A quasi una settimana dall’alluvione che si è abbattuta sull’Emilia Romagna, la vasta zona segnata da uno scenario che in molti non hanno esitato a definire “di guerra” verte ancora in una situazione critica. Con 43 Comuni tuttora coinvolti dagli allagamenti e 54 dal dissesto idrogeologico (sono circa 300 le frane attive), risultano ancora 26.324 le persone che hanno dovuto lasciare la loro casa (19.500 nel ravennate, 4.918 in provincia di Forlì-Cesena e 1.906 nel bolognese), di cui 5.370 accolte in scuole, palestre e alberghi allestite dai comuni.

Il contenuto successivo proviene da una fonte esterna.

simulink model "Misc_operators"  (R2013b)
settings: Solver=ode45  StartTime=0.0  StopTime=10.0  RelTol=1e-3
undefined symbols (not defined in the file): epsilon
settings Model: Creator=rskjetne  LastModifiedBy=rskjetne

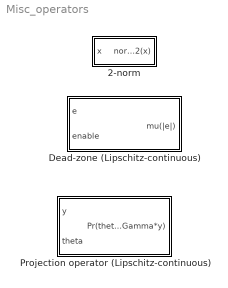
== system Misc_operators ==
  2-norm : Subsystem
  Dead-zone (Lipschitz-continuous) : Subsystem  mask{e0=0.1, delta=0.5}
      mask prompts: e0 "e0: 0 < e0"; delta "delta: 0 < delta < 1"
  Projection operator (Lipschitz-continuous) : Subsystem  mask{e0=0.5, theta_max=10, Gamma=eye(1)}
      mask prompts: e0 "epsilon: eps > 0"; theta_max "Max limit: theta_max"; Gamma "Gain matrix: Gamma"

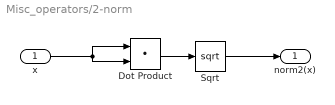
== system Misc_operators/2-norm ==
  x : Inport
  Dot Product : DotProduct  InputSameDT=on  OutDataTypeStr=Inherit: Inherit via internal rule
  Sqrt : Sqrt  SaturateOnIntegerOverflow=on
  norm2(x) : Outport
  wires:
  x/1 -> Dot Product/2, Dot Product/1
  Sqrt/1 -> norm2(x)/1
  Dot Product/1 -> Sqrt/1

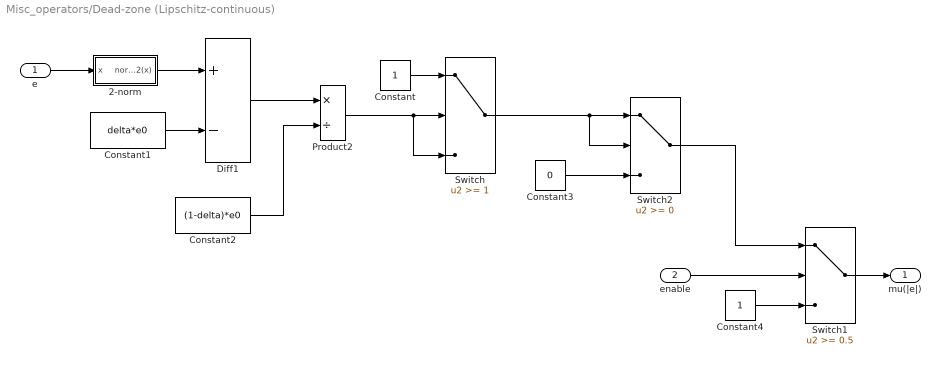
== system Misc_operators/Dead-zone (Lipschitz-continuous) ==
  e : Inport
  enable : Inport  Port=2
  2-norm : Subsystem
  Constant : Constant
  Constant1 : Constant  Value=delta*e0
  Constant2 : Constant  Value=(1-delta)*e0
  Constant3 : Constant  Value=0
  Constant4 : Constant
  Diff1 : Sum  Inputs=+-  InputSameDT=on  OutDataTypeStr=Inherit: Same as first input
  Product2 : Product  Inputs=*/
  Switch : Switch  Threshold=1  ZeroCross=off  InputSameDT=on
  Switch1 : Switch  Threshold=0.5  ZeroCross=off  InputSameDT=on
  Switch2 : Switch  ZeroCross=off  InputSameDT=on
  mu(|e|) : Outport
  wires:
  Constant1/1 -> Diff1/2
  Diff1/1 -> Product2/1
  Constant2/1 -> Product2/2
  Product2/1 -> Switch/3, Switch/2
  Constant/1 -> Switch/1
  Switch/1 -> Switch2/1, Switch2/2
  Constant3/1 -> Switch2/3
  e/1 -> 2-norm/1(x)
  2-norm/1(norm2(x)) -> Diff1/1
  enable/1 -> Switch1/2
  Switch2/1 -> Switch1/1
  Switch1/1 -> mu(|e|)/1
  Constant4/1 -> Switch1/3

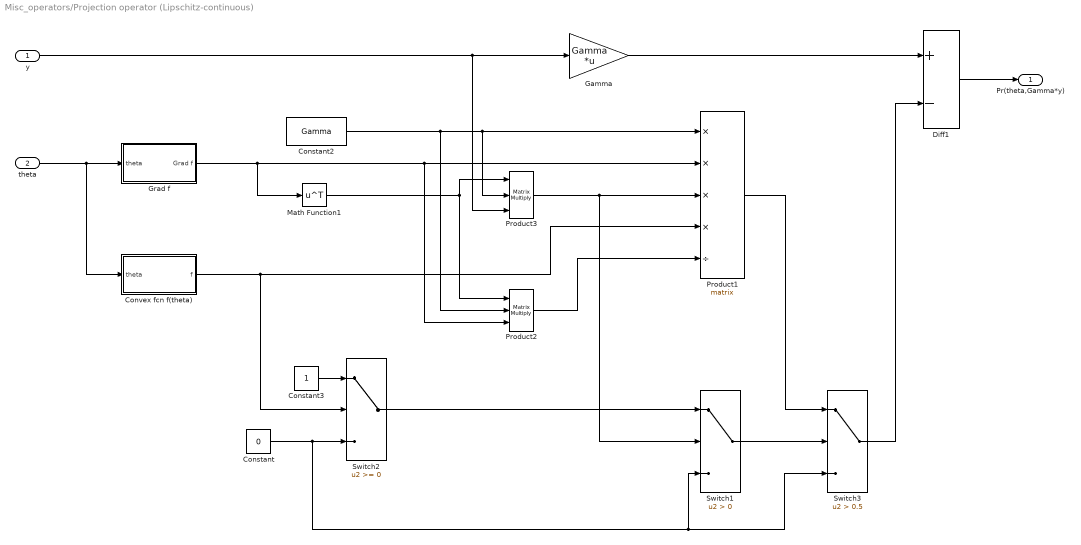
== system Misc_operators/Projection operator (Lipschitz-continuous) ==
  y : Inport
  theta : Inport  Port=2
  Constant : Constant  Value=0
  Constant2 : Constant  Value=Gamma
  Constant3 : Constant
  Convex fcn f(theta) : Subsystem
  Diff1 : Sum  Inputs=+-  InputSameDT=on  OutDataTypeStr=Inherit: Same as first input
  Gamma : Gain  Gain=Gamma  Multiplication=Matrix(K*u)  SaturateOnIntegerOverflow=on  OutDataTypeStr=Inherit: Same as input  ParamDataTypeStr=Inherit: Same as input
  Grad f : Subsystem
  Math Function1 : Math  Operator=transpose  SaturateOnIntegerOverflow=on
  Product1 : Product  Inputs=****/  Multiplication=Matrix(*)
  Product2 : Product  Inputs=***  Multiplication=Matrix(*)
  Product3 : Product  Inputs=***  Multiplication=Matrix(*)
  Switch1 : Switch  Criteria=u2 > Threshold  ZeroCross=off  InputSameDT=on
  Switch2 : Switch  ZeroCross=off  InputSameDT=on
  Switch3 : Switch  Criteria=u2 > Threshold  Threshold=0.5  ZeroCross=off  InputSameDT=on
  Pr(theta,Gamma*y) : Outport
  wires:
  Diff1/1 -> Pr(theta,Gamma*y)/1
  Constant/1 -> Switch3/3, Switch1/3, Switch2/3
  Switch2/1 -> Switch1/1
  Constant3/1 -> Switch2/1
  Product3/1 -> Product1/3, Switch1/2
  Product2/1 -> Product1/5
  Grad f/1(Grad f) -> Product1/2, Product2/3, Math Function1/1
  Convex fcn f(theta)/1(f) -> Product1/4, Switch2/2
  Math Function1/1 -> Product3/1, Product2/1
  Constant2/1 -> Product1/1, Product3/2, Product2/2
  Gamma/1 -> Diff1/1
  y/1 -> Gamma/1, Product3/3
  theta/1 -> Grad f/1(theta), Convex fcn f(theta)/1(theta)
  Switch1/1 -> Switch3/2
  Product1/1 -> Switch3/1
  Switch3/1 -> Diff1/2

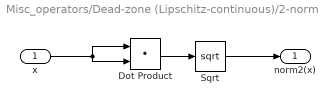
== system Misc_operators/Dead-zone (Lipschitz-continuous)/2-norm ==
  x : Inport
  Dot Product : DotProduct  InputSameDT=on  OutDataTypeStr=Inherit: Inherit via internal rule
  Sqrt : Sqrt  SaturateOnIntegerOverflow=on
  norm2(x) : Outport
  wires:
  x/1 -> Dot Product/2, Dot Product/1
  Sqrt/1 -> norm2(x)/1
  Dot Product/1 -> Sqrt/1

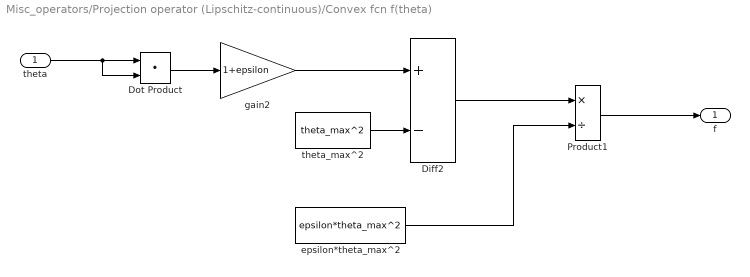
== system Misc_operators/Projection operator (Lipschitz-continuous)/Convex fcn f(theta) ==
  theta : Inport
  Diff2 : Sum  Inputs=+-  InputSameDT=on  OutDataTypeStr=Inherit: Same as first input
  Dot Product : DotProduct  InputSameDT=on  OutDataTypeStr=Inherit: Inherit via internal rule
  Product1 : Product  Inputs=*/
  epsilon*theta_max^2 : Constant  Value=epsilon*theta_max^2
  gain2 : Gain  Gain=1+epsilon  SaturateOnIntegerOverflow=on  OutDataTypeStr=Inherit: Same as input  ParamDataTypeStr=Inherit: Same as input
  theta_max^2 : Constant  Value=theta_max^2
  f : Outport
  wires:
  Diff2/1 -> Product1/1
  epsilon*theta_max^2/1 -> Product1/2
  Product1/1 -> f/1
  theta_max^2/1 -> Diff2/2
  theta/1 -> Dot Product/1, Dot Product/2
  gain2/1 -> Diff2/1
  Dot Product/1 -> gain2/1

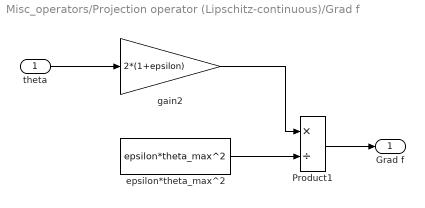
== system Misc_operators/Projection operator (Lipschitz-continuous)/Grad f ==
  theta : Inport
  Product1 : Product  Inputs=*/
  epsilon*theta_max^2 : Constant  Value=epsilon*theta_max^2
  gain2 : Gain  Gain=2*(1+epsilon)  SaturateOnIntegerOverflow=on  OutDataTypeStr=Inherit: Same as input  ParamDataTypeStr=Inherit: Same as input
  Grad f : Outport
  wires:
  theta/1 -> gain2/1
  gain2/1 -> Product1/1
  Product1/1 -> Grad f/1
  epsilon*theta_max^2/1 -> Product1/2

ANCHE IL SOLE finalmente arrivato rischia di diventare un ulteriore ostacolo, seccando il fango che ricopre ogni cosa, rendendolo duro come il cemento e difficile da eliminare.

«Abbiamo acqua corrente solo la sera, e noi possiamo ritenerci fortunati, perché molti non hanno neanche quella» racconta Anna di Castel Bolognese accanto alla catasta di porte, mobili e oggetti infangati che fino a pochi giorni fa costituivano la sua cantina. «Di alluvioni ne ho viste da piccolo, ma mai come questa. Non la potremo dimenticare» le fa eco il padre, raccontando come le loro giornate siano occupate dalla pulizia continua di ciò che resta. Anche i bambini qui sono in strada con le pale a raschiare il cortile della loro scuola primaria. I banchi, le sedie, i giochi si sono tinti del colore di tutto il resto: quello dell’argilla, di quel fango che è ovunque e da cui non è possibile non farsi intaccare. In alcune località non si è ancora iniziato a pulire, perché l’acqua è tuttora alta.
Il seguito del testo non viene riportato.